Рано ознобила зима, зеленые листья тополей зазвенели на морозном ветру. Поземка завихрилась, петлями завилась в отишьях. Что такое? С утра гамят у дома Кулаткиных. Зарезанную Аленкину овцу нашли у Елисея в котухе. Украсть и зарезать успел, а спрятать не спроворил, говорили, посмеиваясь, сами не веря, чтобы ученый Елисей стал татем.

Никто из смирных не успел духом собраться, остановить, петлюшки распутать. Глядь, а Елисея овечьими кишками обмотали, на голову овчину надели кверху шерстью. И повели по улице. В худое ведро стучат, свистят, регочут. Гоготно, стужно, страшно. Кто верит, кто не верит, кто сомневается, а возбуждаются все, начали вроде шутейно по-свойски кулаками совать под ребра, смутно догадываясь, что пока рано заступаться за Елисея — многим насуперечил, нагрозился, обсмеял чуть не подряд.

Тогда-то Филипп Сынков и бабахнул из шомпольного ружья в воздух, враз образумил.
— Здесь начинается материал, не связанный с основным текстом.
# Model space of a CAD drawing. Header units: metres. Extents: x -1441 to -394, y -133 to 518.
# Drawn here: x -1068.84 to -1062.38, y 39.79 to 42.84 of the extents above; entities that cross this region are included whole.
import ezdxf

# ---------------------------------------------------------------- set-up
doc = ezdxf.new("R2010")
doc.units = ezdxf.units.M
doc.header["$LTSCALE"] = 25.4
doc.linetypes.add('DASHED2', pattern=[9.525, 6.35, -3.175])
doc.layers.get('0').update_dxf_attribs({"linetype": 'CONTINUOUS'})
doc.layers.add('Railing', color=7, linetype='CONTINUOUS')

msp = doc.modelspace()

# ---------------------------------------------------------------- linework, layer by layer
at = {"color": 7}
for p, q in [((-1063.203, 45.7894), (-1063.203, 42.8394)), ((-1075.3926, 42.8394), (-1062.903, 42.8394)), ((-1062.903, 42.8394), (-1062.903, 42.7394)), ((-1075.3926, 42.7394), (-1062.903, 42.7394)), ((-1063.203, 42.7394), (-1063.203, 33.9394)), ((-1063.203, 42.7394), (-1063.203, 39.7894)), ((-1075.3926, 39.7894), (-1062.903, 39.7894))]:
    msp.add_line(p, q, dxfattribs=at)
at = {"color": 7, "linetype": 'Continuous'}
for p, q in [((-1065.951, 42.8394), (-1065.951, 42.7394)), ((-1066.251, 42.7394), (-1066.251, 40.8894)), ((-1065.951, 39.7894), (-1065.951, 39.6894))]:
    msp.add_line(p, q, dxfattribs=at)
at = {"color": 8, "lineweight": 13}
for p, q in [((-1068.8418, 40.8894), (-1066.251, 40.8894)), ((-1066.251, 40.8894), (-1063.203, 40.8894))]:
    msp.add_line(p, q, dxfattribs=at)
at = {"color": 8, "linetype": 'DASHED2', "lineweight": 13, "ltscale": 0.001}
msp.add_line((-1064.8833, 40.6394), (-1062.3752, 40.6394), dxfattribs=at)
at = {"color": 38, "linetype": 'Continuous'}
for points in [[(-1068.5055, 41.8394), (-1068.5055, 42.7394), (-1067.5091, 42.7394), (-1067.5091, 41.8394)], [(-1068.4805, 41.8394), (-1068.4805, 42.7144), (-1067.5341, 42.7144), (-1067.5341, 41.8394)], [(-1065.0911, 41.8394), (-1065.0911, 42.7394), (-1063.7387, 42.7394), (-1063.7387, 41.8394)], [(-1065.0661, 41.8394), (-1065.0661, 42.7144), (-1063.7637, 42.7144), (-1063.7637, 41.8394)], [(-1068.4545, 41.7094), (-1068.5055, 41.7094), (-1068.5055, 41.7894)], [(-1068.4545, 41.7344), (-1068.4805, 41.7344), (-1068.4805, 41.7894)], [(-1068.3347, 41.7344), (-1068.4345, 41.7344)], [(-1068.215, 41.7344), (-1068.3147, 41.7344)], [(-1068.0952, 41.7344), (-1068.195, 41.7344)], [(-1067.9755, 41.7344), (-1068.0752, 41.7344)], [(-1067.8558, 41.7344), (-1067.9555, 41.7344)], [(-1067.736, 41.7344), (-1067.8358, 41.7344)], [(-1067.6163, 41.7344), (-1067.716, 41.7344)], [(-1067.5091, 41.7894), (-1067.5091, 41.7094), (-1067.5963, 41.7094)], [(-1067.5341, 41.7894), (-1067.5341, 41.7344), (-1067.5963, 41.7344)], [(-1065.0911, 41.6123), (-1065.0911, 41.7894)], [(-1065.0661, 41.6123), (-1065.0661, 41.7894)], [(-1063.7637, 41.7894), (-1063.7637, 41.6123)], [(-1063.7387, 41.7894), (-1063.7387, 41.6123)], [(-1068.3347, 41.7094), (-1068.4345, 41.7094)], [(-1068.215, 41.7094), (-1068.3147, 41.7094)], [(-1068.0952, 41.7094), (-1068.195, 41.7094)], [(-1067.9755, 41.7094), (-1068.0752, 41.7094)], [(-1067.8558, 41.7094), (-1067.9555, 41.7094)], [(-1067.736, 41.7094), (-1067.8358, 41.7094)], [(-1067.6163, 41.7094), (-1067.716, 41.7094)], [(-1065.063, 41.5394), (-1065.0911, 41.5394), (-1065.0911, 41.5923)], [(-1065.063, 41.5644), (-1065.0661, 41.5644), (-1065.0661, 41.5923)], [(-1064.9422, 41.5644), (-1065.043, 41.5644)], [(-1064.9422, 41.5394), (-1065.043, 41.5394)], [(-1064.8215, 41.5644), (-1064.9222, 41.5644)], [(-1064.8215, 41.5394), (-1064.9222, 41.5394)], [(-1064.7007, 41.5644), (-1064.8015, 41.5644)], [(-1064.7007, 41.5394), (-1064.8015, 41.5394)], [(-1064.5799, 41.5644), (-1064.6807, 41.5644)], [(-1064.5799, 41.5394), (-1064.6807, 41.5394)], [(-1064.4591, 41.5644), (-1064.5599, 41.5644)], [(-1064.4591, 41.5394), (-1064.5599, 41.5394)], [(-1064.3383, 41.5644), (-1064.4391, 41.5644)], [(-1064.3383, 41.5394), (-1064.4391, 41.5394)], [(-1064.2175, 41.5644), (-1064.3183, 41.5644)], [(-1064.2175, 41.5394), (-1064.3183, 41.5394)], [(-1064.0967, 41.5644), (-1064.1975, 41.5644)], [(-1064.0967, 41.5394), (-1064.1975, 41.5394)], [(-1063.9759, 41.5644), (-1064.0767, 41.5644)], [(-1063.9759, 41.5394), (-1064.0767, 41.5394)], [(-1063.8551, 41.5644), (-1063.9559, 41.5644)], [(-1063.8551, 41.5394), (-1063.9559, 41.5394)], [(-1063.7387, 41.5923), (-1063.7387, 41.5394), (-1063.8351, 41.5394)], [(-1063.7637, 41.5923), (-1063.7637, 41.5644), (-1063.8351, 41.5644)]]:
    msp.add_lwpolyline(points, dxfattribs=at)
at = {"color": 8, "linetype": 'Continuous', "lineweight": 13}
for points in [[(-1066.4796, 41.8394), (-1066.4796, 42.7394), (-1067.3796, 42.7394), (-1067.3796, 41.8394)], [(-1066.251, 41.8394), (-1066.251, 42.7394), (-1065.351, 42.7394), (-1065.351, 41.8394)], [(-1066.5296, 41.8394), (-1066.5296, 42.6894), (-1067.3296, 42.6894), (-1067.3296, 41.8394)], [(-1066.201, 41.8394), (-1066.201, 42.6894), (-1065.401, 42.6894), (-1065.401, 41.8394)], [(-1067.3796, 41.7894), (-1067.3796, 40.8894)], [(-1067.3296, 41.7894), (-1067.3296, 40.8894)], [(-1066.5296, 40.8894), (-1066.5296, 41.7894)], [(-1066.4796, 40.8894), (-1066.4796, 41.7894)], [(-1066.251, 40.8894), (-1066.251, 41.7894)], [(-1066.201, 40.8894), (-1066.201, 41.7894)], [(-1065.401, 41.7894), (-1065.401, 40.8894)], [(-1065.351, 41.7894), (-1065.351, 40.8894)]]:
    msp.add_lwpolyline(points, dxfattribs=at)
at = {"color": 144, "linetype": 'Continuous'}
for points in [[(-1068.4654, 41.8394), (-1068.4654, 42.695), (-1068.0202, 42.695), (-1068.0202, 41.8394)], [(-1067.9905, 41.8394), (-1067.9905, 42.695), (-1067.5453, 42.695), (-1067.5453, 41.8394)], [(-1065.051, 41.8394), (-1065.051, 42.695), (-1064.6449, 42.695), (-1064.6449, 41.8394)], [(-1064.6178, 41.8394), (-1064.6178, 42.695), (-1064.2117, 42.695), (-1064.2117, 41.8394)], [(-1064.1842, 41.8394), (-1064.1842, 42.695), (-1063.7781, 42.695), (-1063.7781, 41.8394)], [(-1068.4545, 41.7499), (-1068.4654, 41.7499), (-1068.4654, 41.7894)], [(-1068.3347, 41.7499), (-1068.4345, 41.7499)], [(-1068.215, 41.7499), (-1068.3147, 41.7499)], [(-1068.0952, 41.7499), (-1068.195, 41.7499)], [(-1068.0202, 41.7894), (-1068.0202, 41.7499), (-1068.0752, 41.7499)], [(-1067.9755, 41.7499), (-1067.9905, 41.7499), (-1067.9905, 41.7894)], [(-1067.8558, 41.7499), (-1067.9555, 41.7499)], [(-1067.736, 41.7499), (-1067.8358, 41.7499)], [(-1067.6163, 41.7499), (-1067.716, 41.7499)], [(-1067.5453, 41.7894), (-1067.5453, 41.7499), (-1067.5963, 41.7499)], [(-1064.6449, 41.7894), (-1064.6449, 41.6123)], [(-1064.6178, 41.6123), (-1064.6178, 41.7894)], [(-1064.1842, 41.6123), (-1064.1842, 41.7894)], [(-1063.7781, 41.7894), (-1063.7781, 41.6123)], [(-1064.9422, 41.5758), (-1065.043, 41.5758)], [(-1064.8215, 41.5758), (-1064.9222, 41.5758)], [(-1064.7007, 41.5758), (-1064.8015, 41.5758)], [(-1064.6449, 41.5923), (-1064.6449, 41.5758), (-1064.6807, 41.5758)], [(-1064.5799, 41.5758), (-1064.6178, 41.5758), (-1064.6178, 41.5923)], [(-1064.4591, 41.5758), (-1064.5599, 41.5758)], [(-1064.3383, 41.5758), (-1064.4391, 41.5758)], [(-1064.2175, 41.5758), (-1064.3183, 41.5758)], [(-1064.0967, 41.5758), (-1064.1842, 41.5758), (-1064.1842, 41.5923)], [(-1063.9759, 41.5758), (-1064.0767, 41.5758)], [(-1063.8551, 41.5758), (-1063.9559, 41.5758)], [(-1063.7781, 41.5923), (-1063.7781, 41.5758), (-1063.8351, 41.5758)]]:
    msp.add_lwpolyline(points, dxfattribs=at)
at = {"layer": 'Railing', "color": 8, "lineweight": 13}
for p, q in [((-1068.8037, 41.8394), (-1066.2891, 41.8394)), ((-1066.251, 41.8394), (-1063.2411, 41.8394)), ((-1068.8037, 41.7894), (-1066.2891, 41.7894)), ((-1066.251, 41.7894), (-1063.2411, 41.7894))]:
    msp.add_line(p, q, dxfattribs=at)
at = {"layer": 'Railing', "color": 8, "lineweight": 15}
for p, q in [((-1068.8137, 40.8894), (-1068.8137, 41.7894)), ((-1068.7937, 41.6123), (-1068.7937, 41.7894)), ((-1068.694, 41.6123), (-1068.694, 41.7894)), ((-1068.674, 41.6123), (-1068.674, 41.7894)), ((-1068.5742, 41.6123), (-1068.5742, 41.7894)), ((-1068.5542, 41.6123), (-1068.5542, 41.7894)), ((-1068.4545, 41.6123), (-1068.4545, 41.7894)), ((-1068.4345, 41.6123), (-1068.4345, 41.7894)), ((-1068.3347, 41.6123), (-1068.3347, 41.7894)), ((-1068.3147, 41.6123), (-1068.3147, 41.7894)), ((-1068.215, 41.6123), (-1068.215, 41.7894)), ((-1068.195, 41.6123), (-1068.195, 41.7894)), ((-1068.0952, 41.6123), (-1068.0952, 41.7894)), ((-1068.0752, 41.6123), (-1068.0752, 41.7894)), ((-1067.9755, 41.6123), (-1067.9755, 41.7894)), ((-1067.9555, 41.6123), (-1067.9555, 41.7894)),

И все застыдились и разошлись. Поднял Елисея, свел домой. Отлежался Кулаткин на печи, потому что Алена вместе с Лизаветой врачевали Елисея.

И пошло с тех пор… Что бы ни случилось с Кулаткиным — в ответе Терентий. Сгорели снопы у Терентия — грешат на Елисея. А с виду оба присмирели, по пустякам не выказывали себя. Зато втихомолку начал каждый создавать себе ватагу.

Один в свою шайку тянет Филиппа, другой — в свою. То сулят добра, то смеются над ним, окарауливают его один от другого. «Ты, мол, без меня пропадешь, ни землю пахать, ни скот кормить не сноровишь». Срослись корнями все трое. И ветры одни раскачивали их.

Он знал одно — мирить их. Но жизнь наотмашку махнула топором, разрубила все крепи, все узлы, и поплыли Терентий Толмачев и Елисей Кулаткин каждый по своей протоке… И вроде бы затосковали друг по другу. Вместе с Филиппом возвращался Терентий с германской войны утихомиренным, собирался уесть Елисея Кулаткина лишь ядовитым словом:

— Ну как, писарь синегубый, воевал тут средь солдаток? Крапивы не набили они в твою мотню?